California’s unemployment benefits agency was woefully unprepared to handle the accompanying surge of claims, with previous audits showing the agency was plagued by outdated technology and a stifling bureaucracy that contributed to a backlog of claims that at one time totaled more than 1.6 million people.
So far, the state has processed more than 19 million unemployment claims and paid out more than $114 billion in benefits. Thursday’s audit shows just how overwhelmed the agency was while trying to handle this surge.
By September, more than 1,000 people per day were telling the agency their identity had been stolen to claim fraudulent unemployment benefits. But the agency had just one employee responsible for reviewing those reports, and in July that position was vacant. From April to October, the agency responded to less than 2% of these fraud reports.
Because of that, it is likely thousands of people will owe taxes on this spring on benefits they never received. And that’s not including people who don’t know their identity has been stolen, and likely won’t find out until they get a tax notice in the mail. Howle warned these people will flood EDD with requests for help in the coming weeks, adding even more work to an already struggling agency.
“Without a concentrated focus, EDD risks unnecessarily delaying assistance to victims of identity theft, who will remain in precarious tax situations until EDD completes its work,” Howle said.

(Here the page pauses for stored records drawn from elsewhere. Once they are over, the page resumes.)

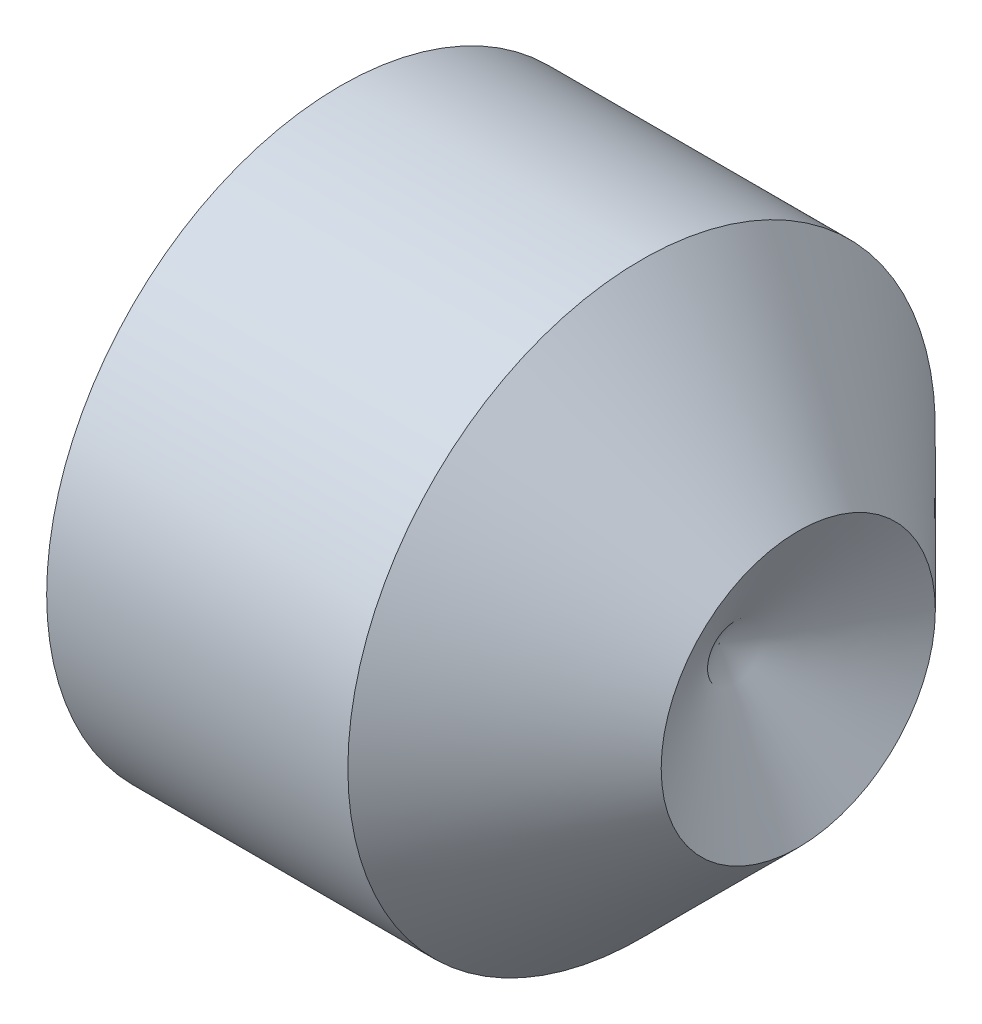
ISO-10303-21;
HEADER;
FILE_DESCRIPTION(('STEP AP214'),'2;1');
FILE_NAME('part.step','',(''),(''),'','','');
FILE_SCHEMA(('AUTOMOTIVE_DESIGN { 1 0 10303 214 1 1 1 1 }'));
ENDSEC;
DATA;
#1=APPLICATION_CONTEXT('core data for automotive mechanical design processes');
#2=APPLICATION_PROTOCOL_DEFINITION('international standard','automotive_design',2000,#1);
#3=PRODUCT_CONTEXT('',#1,'mechanical');
#4=PRODUCT('Part','Part','',(#3));
#5=PRODUCT_RELATED_PRODUCT_CATEGORY('part','',(#4));
#6=PRODUCT_DEFINITION_FORMATION('','',#4);
#7=PRODUCT_DEFINITION_CONTEXT('part definition',#1,'design');
#8=PRODUCT_DEFINITION('design','',#6,#7);
#9=PRODUCT_DEFINITION_SHAPE('','',#8);
#10=(LENGTH_UNIT() NAMED_UNIT(*) SI_UNIT(.MILLI.,.METRE.));
#11=(NAMED_UNIT(*) PLANE_ANGLE_UNIT() SI_UNIT($,.RADIAN.));
#12=(NAMED_UNIT(*) SI_UNIT($,.STERADIAN.) SOLID_ANGLE_UNIT());
#13=UNCERTAINTY_MEASURE_WITH_UNIT(LENGTH_MEASURE(1.E-05),#10,'distance_accuracy_value','');
#14=(GEOMETRIC_REPRESENTATION_CONTEXT(3) GLOBAL_UNCERTAINTY_ASSIGNED_CONTEXT((#13)) GLOBAL_UNIT_ASSIGNED_CONTEXT((#10,
#11,#12)) REPRESENTATION_CONTEXT('',''));
#15=CARTESIAN_POINT('',(0.,0.,0.));
#16=DIRECTION('',(0.,0.,1.));
#17=DIRECTION('',(1.,0.,0.));
#18=AXIS2_PLACEMENT_3D('',#15,#16,#17);
#19=CARTESIAN_POINT('',(0.,0.,0.));
#20=DIRECTION('',(-1.,0.,0.));
#21=DIRECTION('',(0.,0.,1.));
#22=AXIS2_PLACEMENT_3D('',#19,#20,#21);
#23=PLANE('',#22);
#24=CARTESIAN_POINT('',(0.,0.,0.));
#25=DIRECTION('',(-1.,0.,0.));
#26=DIRECTION('',(0.,0.,1.));
#27=AXIS2_PLACEMENT_3D('',#24,#25,#26);
#28=CIRCLE('',#27,1.2195);
#29=CARTESIAN_POINT('',(0.,0.,-1.2195));
#30=VERTEX_POINT('',#29);
#31=EDGE_CURVE('E11',#30,#30,#28,.T.);
#32=ORIENTED_EDGE('',*,*,#31,.T.);
#33=EDGE_LOOP('',(#32));
#34=FACE_BOUND('',#33,.T.);
#35=DIRECTION('',(0.,0.,-1.));
#36=VECTOR('',#35,1.);
#37=CARTESIAN_POINT('',(0.,0.749999999999917,0.433012701892277));
#38=LINE('',#37,#36);
#39=CARTESIAN_POINT('',(0.,0.749999999999917,0.433012701892277));
#40=VERTEX_POINT('',#39);
#41=CARTESIAN_POINT('',(0.,0.749999999999917,-0.433012701892277));
#42=VERTEX_POINT('',#41);
#43=EDGE_CURVE('E99',#40,#42,#38,.T.);
#44=ORIENTED_EDGE('',*,*,#43,.F.);
#45=DIRECTION('',(0.,-0.866025403784439,0.5));
#46=VECTOR('',#45,1.);
#47=CARTESIAN_POINT('',(0.,0.749999999999917,0.433012701892277));
#48=LINE('',#47,#46);
#49=CARTESIAN_POINT('',(0.,0.,0.866025403784443));
#50=VERTEX_POINT('',#49);
#51=EDGE_CURVE('E52',#40,#50,#48,.T.);
#52=ORIENTED_EDGE('',*,*,#51,.T.);
#53=DIRECTION('',(0.,0.866025403784439,0.499999999999999));
#54=VECTOR('',#53,1.);
#55=CARTESIAN_POINT('',(0.,-0.750000000000028,0.433012701892166));
#56=LINE('',#55,#54);
#57=CARTESIAN_POINT('',(0.,-0.750000000000028,0.433012701892166));
#58=VERTEX_POINT('',#57);
#59=EDGE_CURVE('E105',#58,#50,#56,.T.);
#60=ORIENTED_EDGE('',*,*,#59,.F.);
#61=DIRECTION('',(0.,0.,-1.));
#62=VECTOR('',#61,1.);
#63=CARTESIAN_POINT('',(0.,-0.750000000000028,0.433012701892166));
#64=LINE('',#63,#62);
#65=CARTESIAN_POINT('',(0.,-0.750000000000028,-0.433012701892277));
#66=VERTEX_POINT('',#65);
#67=EDGE_CURVE('E125',#58,#66,#64,.T.);
#68=ORIENTED_EDGE('',*,*,#67,.T.);
#69=DIRECTION('',(0.,0.866025403784438,-0.500000000000001));
#70=VECTOR('',#69,1.);
#71=CARTESIAN_POINT('',(0.,-0.750000000000028,-0.433012701892277));
#72=LINE('',#71,#70);
#73=CARTESIAN_POINT('',(0.,0.,-0.866025403784387));
#74=VERTEX_POINT('',#73);
#75=EDGE_CURVE('E128',#66,#74,#72,.T.);
#76=ORIENTED_EDGE('',*,*,#75,.T.);
#77=DIRECTION('',(0.,-0.866025403784438,-0.5));
#78=VECTOR('',#77,1.);
#79=CARTESIAN_POINT('',(0.,0.749999999999917,-0.433012701892277));
#80=LINE('',#79,#78);
#81=EDGE_CURVE('E131',#42,#74,#80,.T.);
#82=ORIENTED_EDGE('',*,*,#81,.F.);
#83=EDGE_LOOP('',(#44,#52,#60,#68,#76,#82));
#84=FACE_BOUND('',#83,.T.);
#85=ADVANCED_FACE('F38',(#34,#84),#23,.T.);
#86=CARTESIAN_POINT('',(0.,0.,0.));
#87=DIRECTION('',(1.,0.,0.));
#88=DIRECTION('',(0.,0.,-1.));
#89=AXIS2_PLACEMENT_3D('',#86,#87,#88);
#90=CONICAL_SURFACE('',#89,1.2195,1.0471975511966);
#91=CARTESIAN_POINT('',(0.161946750507708,0.,0.));
#92=DIRECTION('',(-1.,0.,0.));
#93=DIRECTION('',(0.,0.,1.));
#94=AXIS2_PLACEMENT_3D('',#91,#92,#93);
#95=CIRCLE('',#94,1.5);
#96=CARTESIAN_POINT('',(0.161946750507707,0.,-1.50000000000003));
#97=VERTEX_POINT('',#96);
#98=EDGE_CURVE('E45',#97,#97,#95,.T.);
#99=CARTESIAN_POINT('',(0.161946750507707,0.,-1.50000000000003));
#100=CARTESIAN_POINT('',(0.160259805189919,0.,-1.49707812500003));
#101=CARTESIAN_POINT('',(0.15857285987213,0.,-1.49415625000003));
#102=CARTESIAN_POINT('',(0.155198969236553,0.,-1.48831250000003));
#103=CARTESIAN_POINT('',(0.153512023918764,0.,-1.48539062500003));
#104=CARTESIAN_POINT('',(0.150138133283187,0.,-1.47954687500003));
#105=CARTESIAN_POINT('',(0.148451187965398,0.,-1.47662500000003));
#106=CARTESIAN_POINT('',(0.145077297329821,0.,-1.47078125000003));
#107=CARTESIAN_POINT('',(0.143390352012032,0.,-1.46785937500003));
#108=CARTESIAN_POINT('',(0.140016461376455,0.,-1.46201562500003));
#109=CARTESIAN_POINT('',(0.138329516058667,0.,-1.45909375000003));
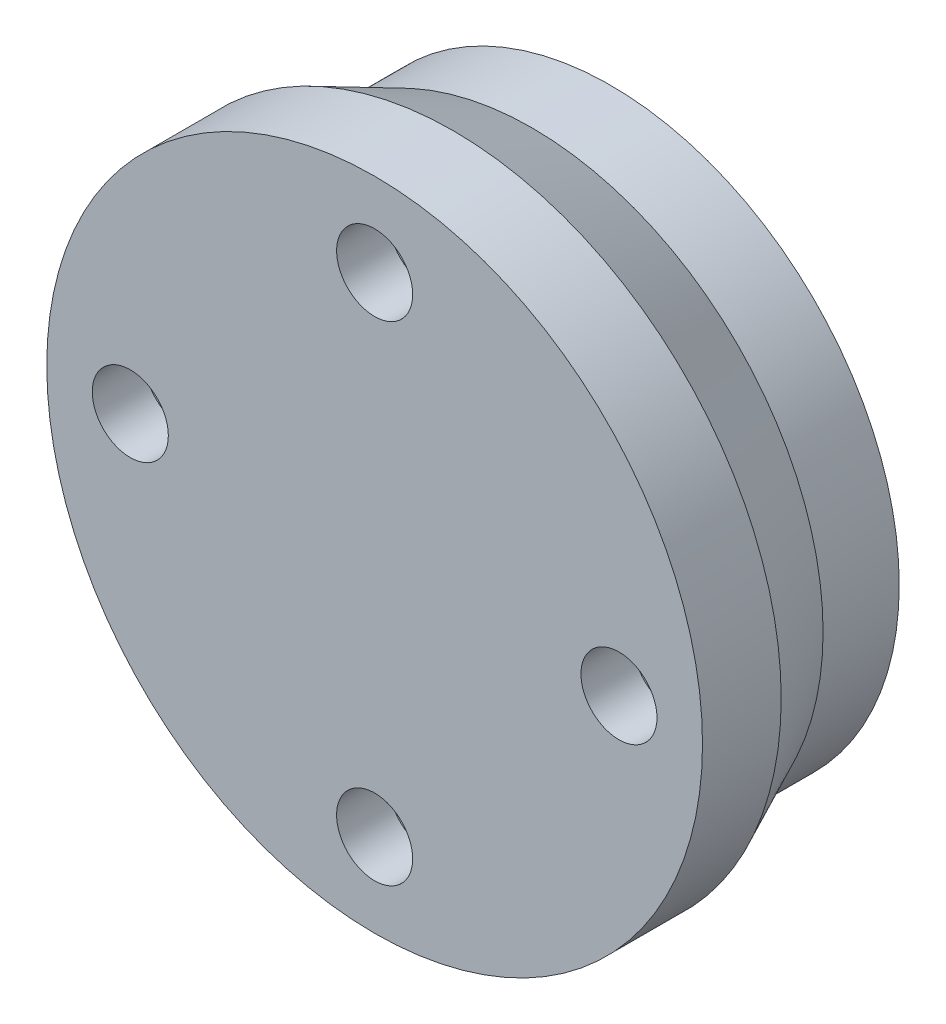
ISO-10303-21;
HEADER;
FILE_DESCRIPTION(('STEP AP214'),'2;1');
FILE_NAME('part.step','',(''),(''),'','','');
FILE_SCHEMA(('AUTOMOTIVE_DESIGN { 1 0 10303 214 1 1 1 1 }'));
ENDSEC;
DATA;
#1=APPLICATION_CONTEXT('core data for automotive mechanical design processes');
#2=APPLICATION_PROTOCOL_DEFINITION('international standard','automotive_design',2000,#1);
#3=PRODUCT_CONTEXT('',#1,'mechanical');
#4=PRODUCT('Part','Part','',(#3));
#5=PRODUCT_RELATED_PRODUCT_CATEGORY('part','',(#4));
#6=PRODUCT_DEFINITION_FORMATION('','',#4);
#7=PRODUCT_DEFINITION_CONTEXT('part definition',#1,'design');
#8=PRODUCT_DEFINITION('design','',#6,#7);
#9=PRODUCT_DEFINITION_SHAPE('','',#8);
#10=(LENGTH_UNIT() NAMED_UNIT(*) SI_UNIT(.MILLI.,.METRE.));
#11=(NAMED_UNIT(*) PLANE_ANGLE_UNIT() SI_UNIT($,.RADIAN.));
#12=(NAMED_UNIT(*) SI_UNIT($,.STERADIAN.) SOLID_ANGLE_UNIT());
#13=UNCERTAINTY_MEASURE_WITH_UNIT(LENGTH_MEASURE(1.E-05),#10,'distance_accuracy_value','');
#14=(GEOMETRIC_REPRESENTATION_CONTEXT(3) GLOBAL_UNCERTAINTY_ASSIGNED_CONTEXT((#13)) GLOBAL_UNIT_ASSIGNED_CONTEXT((#10,
#11,#12)) REPRESENTATION_CONTEXT('',''));
#15=CARTESIAN_POINT('',(0.,0.,0.));
#16=DIRECTION('',(0.,0.,1.));
#17=DIRECTION('',(1.,0.,0.));
#18=AXIS2_PLACEMENT_3D('',#15,#16,#17);
#19=CARTESIAN_POINT('',(0.,0.,1.5));
#20=DIRECTION('',(0.,0.,-1.));
#21=DIRECTION('',(-1.,0.,0.));
#22=AXIS2_PLACEMENT_3D('',#19,#20,#21);
#23=CYLINDRICAL_SURFACE('',#22,11.);
#24=CARTESIAN_POINT('',(0.,0.,1.5));
#25=DIRECTION('',(0.,0.,1.));
#26=DIRECTION('',(1.,0.,0.));
#27=AXIS2_PLACEMENT_3D('',#24,#25,#26);
#28=CIRCLE('',#27,11.);
#29=CARTESIAN_POINT('',(11.,0.,1.5));
#30=VERTEX_POINT('',#29);
#31=EDGE_CURVE('E10',#30,#30,#28,.T.);
#32=ORIENTED_EDGE('',*,*,#31,.F.);
#33=EDGE_LOOP('',(#32));
#34=FACE_BOUND('',#33,.T.);
#35=CARTESIAN_POINT('',(0.,0.,-1.5));
#36=DIRECTION('',(0.,0.,1.));
#37=DIRECTION('',(1.,0.,0.));
#38=AXIS2_PLACEMENT_3D('',#35,#36,#37);
#39=CIRCLE('',#38,11.);
#40=CARTESIAN_POINT('',(11.,0.,-1.5));
#41=VERTEX_POINT('',#40);
#42=EDGE_CURVE('E33',#41,#41,#39,.T.);
#43=ORIENTED_EDGE('',*,*,#42,.T.);
#44=EDGE_LOOP('',(#43));
#45=FACE_BOUND('',#44,.T.);
#46=ADVANCED_FACE('F30',(#34,#45),#23,.T.);
#47=CARTESIAN_POINT('',(0.,0.,-1.5));
#48=DIRECTION('',(0.,0.,1.));
#49=DIRECTION('',(1.,0.,0.));
#50=AXIS2_PLACEMENT_3D('',#47,#48,#49);
#51=PLANE('',#50);
#52=CARTESIAN_POINT('',(0.,7.5,-1.5));
#53=DIRECTION('',(0.,0.,-1.));
#54=DIRECTION('',(-1.,0.,0.));
#55=AXIS2_PLACEMENT_3D('',#52,#53,#54);
#56=CIRCLE('',#55,1.5);
#57=CARTESIAN_POINT('',(-1.50000000000005,7.5,-1.5));
#58=VERTEX_POINT('',#57);
#59=EDGE_CURVE('E93',#58,#58,#56,.T.);
#60=ORIENTED_EDGE('',*,*,#59,.F.);
#61=EDGE_LOOP('',(#60));
#62=FACE_BOUND('',#61,.T.);
#63=CARTESIAN_POINT('',(-7.5,0.,-1.5));
#64=DIRECTION('',(0.,0.,-1.));
#65=DIRECTION('',(-1.,0.,0.));
#66=AXIS2_PLACEMENT_3D('',#63,#64,#65);
#67=CIRCLE('',#66,1.50000000000027);
#68=CARTESIAN_POINT('',(-9.00000000000027,0.,-1.5));
#69=VERTEX_POINT('',#68);
#70=EDGE_CURVE('E87',#69,#69,#67,.T.);
#71=ORIENTED_EDGE('',*,*,#70,.F.);
#72=EDGE_LOOP('',(#71));
#73=FACE_BOUND('',#72,.T.);
#74=CARTESIAN_POINT('',(0.,-7.50000000000003,-1.5));
#75=DIRECTION('',(0.,0.,-1.));
#76=DIRECTION('',(-1.,0.,0.));
#77=AXIS2_PLACEMENT_3D('',#74,#75,#76);
#78=CIRCLE('',#77,1.50000000000043);
#79=CARTESIAN_POINT('',(-1.50000000000036,-7.50000000000003,-1.5));
#80=VERTEX_POINT('',#79);
#81=EDGE_CURVE('E81',#80,#80,#78,.T.);
#82=ORIENTED_EDGE('',*,*,#81,.F.);
#83=EDGE_LOOP('',(#82));
#84=FACE_BOUND('',#83,.T.);
#85=CARTESIAN_POINT('',(7.50000000000002,0.,-1.5));
#86=DIRECTION('',(0.,0.,-1.));
#87=DIRECTION('',(-1.,0.,0.));
#88=AXIS2_PLACEMENT_3D('',#85,#86,#87);
#89=CIRCLE('',#88,1.5000000000001);
#90=CARTESIAN_POINT('',(5.99999999999993,0.,-1.5));
#91=VERTEX_POINT('',#90);
#92=EDGE_CURVE('E75',#91,#91,#89,.T.);
#93=ORIENTED_EDGE('',*,*,#92,.F.);
#94=EDGE_LOOP('',(#93));
#95=FACE_BOUND('',#94,.T.);
#96=ORIENTED_EDGE('',*,*,#42,.F.);
#97=EDGE_LOOP('',(#96));
#98=FACE_BOUND('',#97,.T.);
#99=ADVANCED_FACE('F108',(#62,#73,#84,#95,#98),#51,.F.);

Republican Assemblyman Jim Patterson said the audit “rightfully demonstrated what a disaster EDD has been with respect to fraud.” And said he worried the state Legislature, which is dominated by Democrats, won’t do enough to hold the Democratic governor accountable.
“You get very close to politically covering up the responsibility of the governor,” he said.
Democratic Assemblyman Phil Ting said that “it’s not really important who gets blamed for what,” adding: “People don’t care about blame, people care about getting their money.”
“I think we’ve been extraordinarily critical of the department,” he said. “EDD has to do a significantly better job on their fraud prevention, period,” Ting said.